__WHAT THIS TASK INVOLVES__. When you reproduce the data, keep every word exactly as it stands and leave the pictures out.

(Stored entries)
------------------------------------

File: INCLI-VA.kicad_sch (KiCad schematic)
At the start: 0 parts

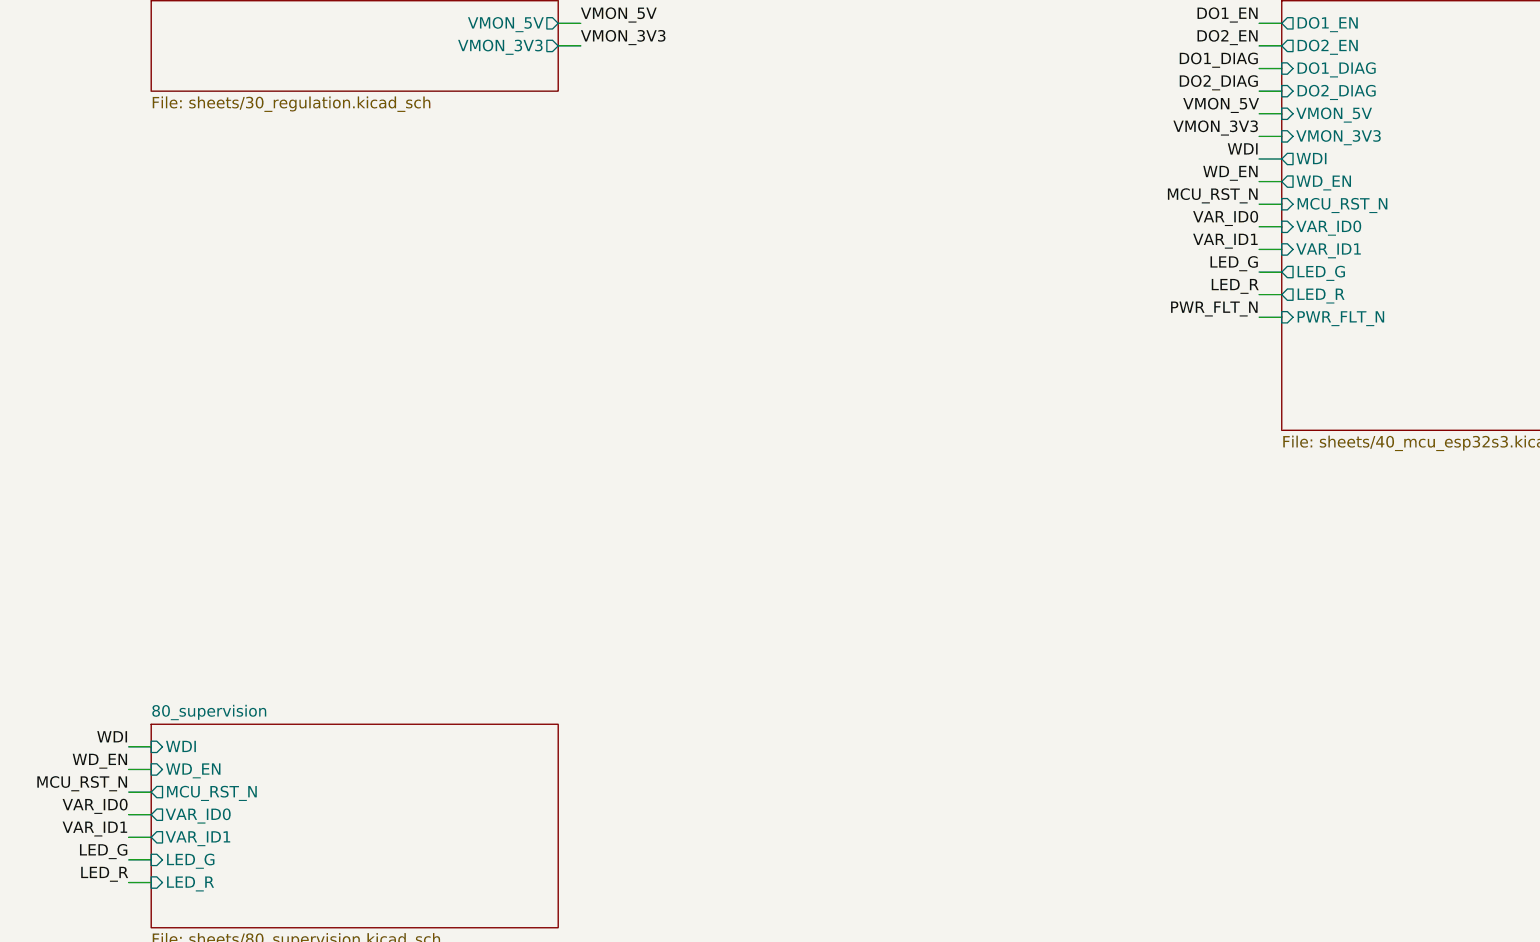
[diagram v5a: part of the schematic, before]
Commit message: [Claude Code] 80_supervision: TPS3828-33-Q1, LED y VAR_ID; J1/J2 verticales; contorno con muesca
- 80_supervision: U801 TPS3828-33QDBVRQ1 (supervisor de +3V3_D + watchdog,
  WDI <- IO17), R802 0 ohm, R801 DNP; LED verde/rojo DNP en PROD (caja
  opaca); VAR_ID0/1 (CAN/OUT) y VAR_ID2 (IO8, CABIN, DNP).
- WD_EN eliminado (IO18 libre); VAR_ID2 ocupa su pin en las hojas 40/80 y la raíz.
- 10_power_input: J1/J2 MSTBV 2,5 GF 5.08 verticales (1777109 / 1777073).
- lib: se borran los símbolos URB2405 y TPS7A1650; U101: vías del EP a Ø 0.45 mm.
- PCB: contorno único con muesca de 8 x 35 mm para la antena (antes, dos
  rectángulos superpuestos); serigrafía de U401 recortada en la muesca.
- ERC: 0 errores, 1 aviso intencional (U101_RTN).

Co-Authored-By: Claude Opus 5.5 <noreply@anthropic.com>
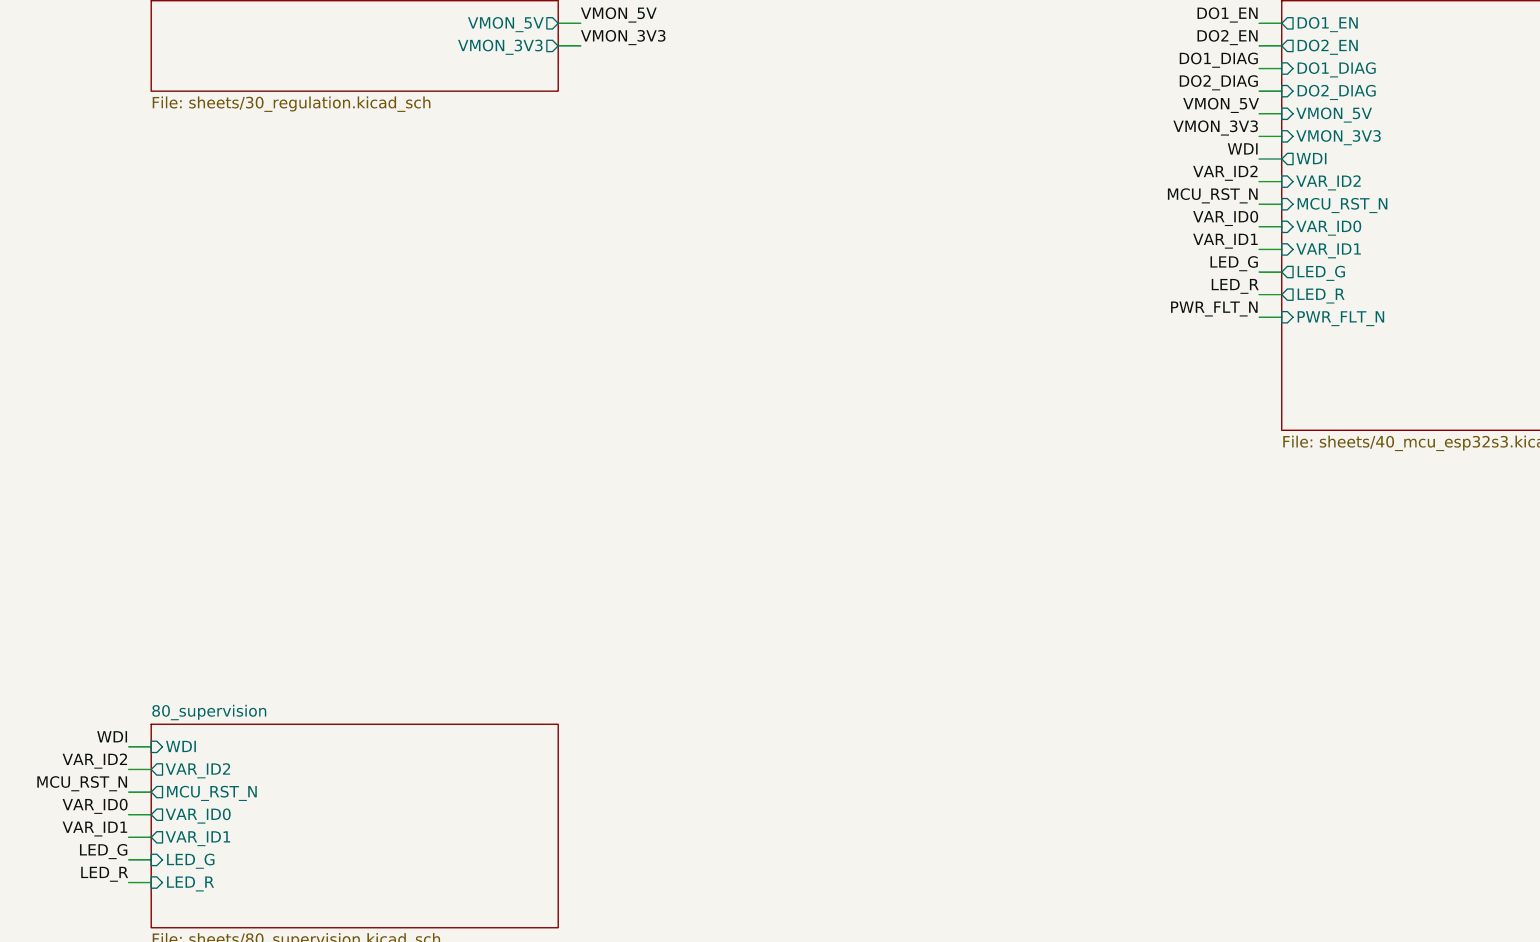
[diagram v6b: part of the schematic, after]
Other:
- sheet 40_mcu ports: added VAR_ID2; removed WD_EN
- sheet 80_supervision ports: added VAR_ID2; removed WD_EN
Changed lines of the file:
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@@
 		)
 	)
-	(label "WD_EN"
+	(label "VAR_ID2"
 		(at 154.94 144.78 180)
 		(effects
@@
 		)
 	)
-	(label "WD_EN"
+	(label "VAR_ID2"
 		(at 27.94 210.82 180)
 		(effects
@@
 			)
 		)
-		(pin "WD_EN" input
+		(pin "VAR_ID2" output
 			(at 30.48 210.82 180)
 			(effects
@@
 			)
 		)
-		(pin "WD_EN" output
+		(pin "VAR_ID2" input
 			(at 157.48 144.78 180)
 			(effects

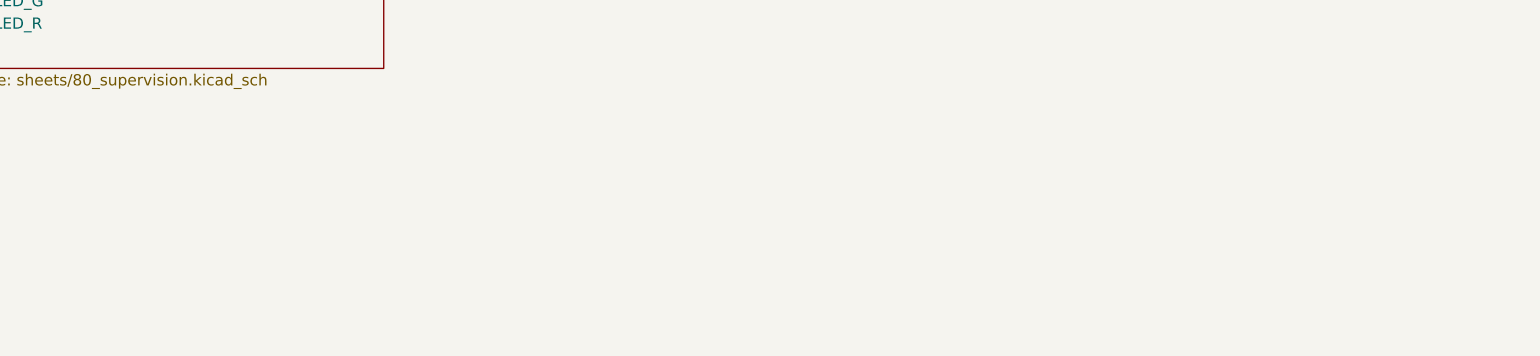
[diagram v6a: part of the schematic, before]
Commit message: [Claude Code] raíz: agujeros de fijación H1-H4 (M3, sin cobre) en el esquemático
Mechanical:MountingHole + MountingHole_3.2mm_M3 (NPTH, sin cobre), fuera
del BOM, para que Update PCB from Schematic no los vuelva a borrar. La
posición la define el layout.

Co-Authored-By: Claude Opus 5.5 <noreply@anthropic.com>
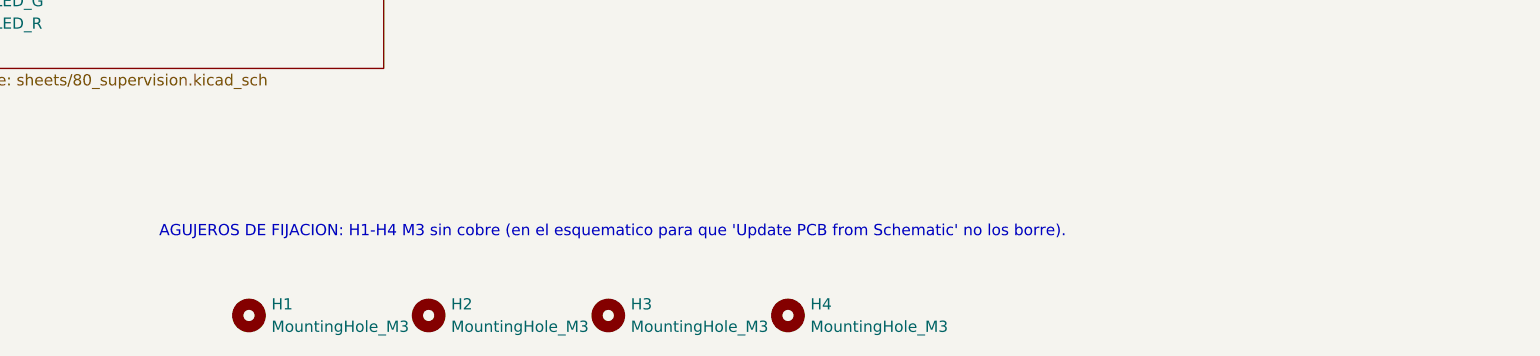
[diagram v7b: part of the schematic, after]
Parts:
- added H1, H2, H3, H4: MountingHole_M3, MountingHole:MountingHole_3.2mm_M3, symbol Mechanical:MountingHole
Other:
- note added: "AGUJEROS DE FIJACION: H1-H4 M3 sin cobre (en el esquematico para que 'Update PCB from Schematic' no los borre)."

------------------------------------

__WRITTEN ANSWER__.
File: INCLI-VA.kicad_sch (KiCad schematic)
At the start: 0 parts

[diagram v5a: part of the schematic, before]
Commit message: [Claude Code] 80_supervision: TPS3828-33-Q1, LED y VAR_ID; J1/J2 verticales; contorno con muesca
- 80_supervision: U801 TPS3828-33QDBVRQ1 (supervisor de +3V3_D + watchdog,
  WDI <- IO17), R802 0 ohm, R801 DNP; LED verde/rojo DNP en PROD (caja
  opaca); VAR_ID0/1 (CAN/OUT) y VAR_ID2 (IO8, CABIN, DNP).
- WD_EN eliminado (IO18 libre); VAR_ID2 ocupa su pin en las hojas 40/80 y la raíz.
- 10_power_input: J1/J2 MSTBV 2,5 GF 5.08 verticales (1777109 / 1777073).
- lib: se borran los símbolos URB2405 y TPS7A1650; U101: vías del EP a Ø 0.45 mm.
- PCB: contorno único con muesca de 8 x 35 mm para la antena (antes, dos
  rectángulos superpuestos); serigrafía de U401 recortada en la muesca.
- ERC: 0 errores, 1 aviso intencional (U101_RTN).

Co-Authored-By: Claude Opus 5.5 <noreply@anthropic.com>
[diagram v6b: part of the schematic, after]
Other:
- sheet 40_mcu ports: added VAR_ID2; removed WD_EN
- sheet 80_supervision ports: added VAR_ID2; removed WD_EN
Changed lines of the file:
@@
 		)
 	)
-	(label "WD_EN"
+	(label "VAR_ID2"
 		(at 154.94 144.78 180)
 		(effects
@@
 		)
 	)
-	(label "WD_EN"
+	(label "VAR_ID2"
 		(at 27.94 210.82 180)
 		(effects
@@
 			)
 		)
-		(pin "WD_EN" input
+		(pin "VAR_ID2" output
 			(at 30.48 210.82 180)
 			(effects
@@
 			)
 		)
-		(pin "WD_EN" output
+		(pin "VAR_ID2" input
 			(at 157.48 144.78 180)
 			(effects

[diagram v6a: part of the schematic, before]
Commit message: [Claude Code] raíz: agujeros de fijación H1-H4 (M3, sin cobre) en el esquemático
Mechanical:MountingHole + MountingHole_3.2mm_M3 (NPTH, sin cobre), fuera
del BOM, para que Update PCB from Schematic no los vuelva a borrar. La
posición la define el layout.

Co-Authored-By: Claude Opus 5.5 <noreply@anthropic.com>
[diagram v7b: part of the schematic, after]
Parts:
- added H1, H2, H3, H4: MountingHole_M3, MountingHole:MountingHole_3.2mm_M3, symbol Mechanical:MountingHole
Other:
- note added: "AGUJEROS DE FIJACION: H1-H4 M3 sin cobre (en el esquematico para que 'Update PCB from Schematic' no los borre)."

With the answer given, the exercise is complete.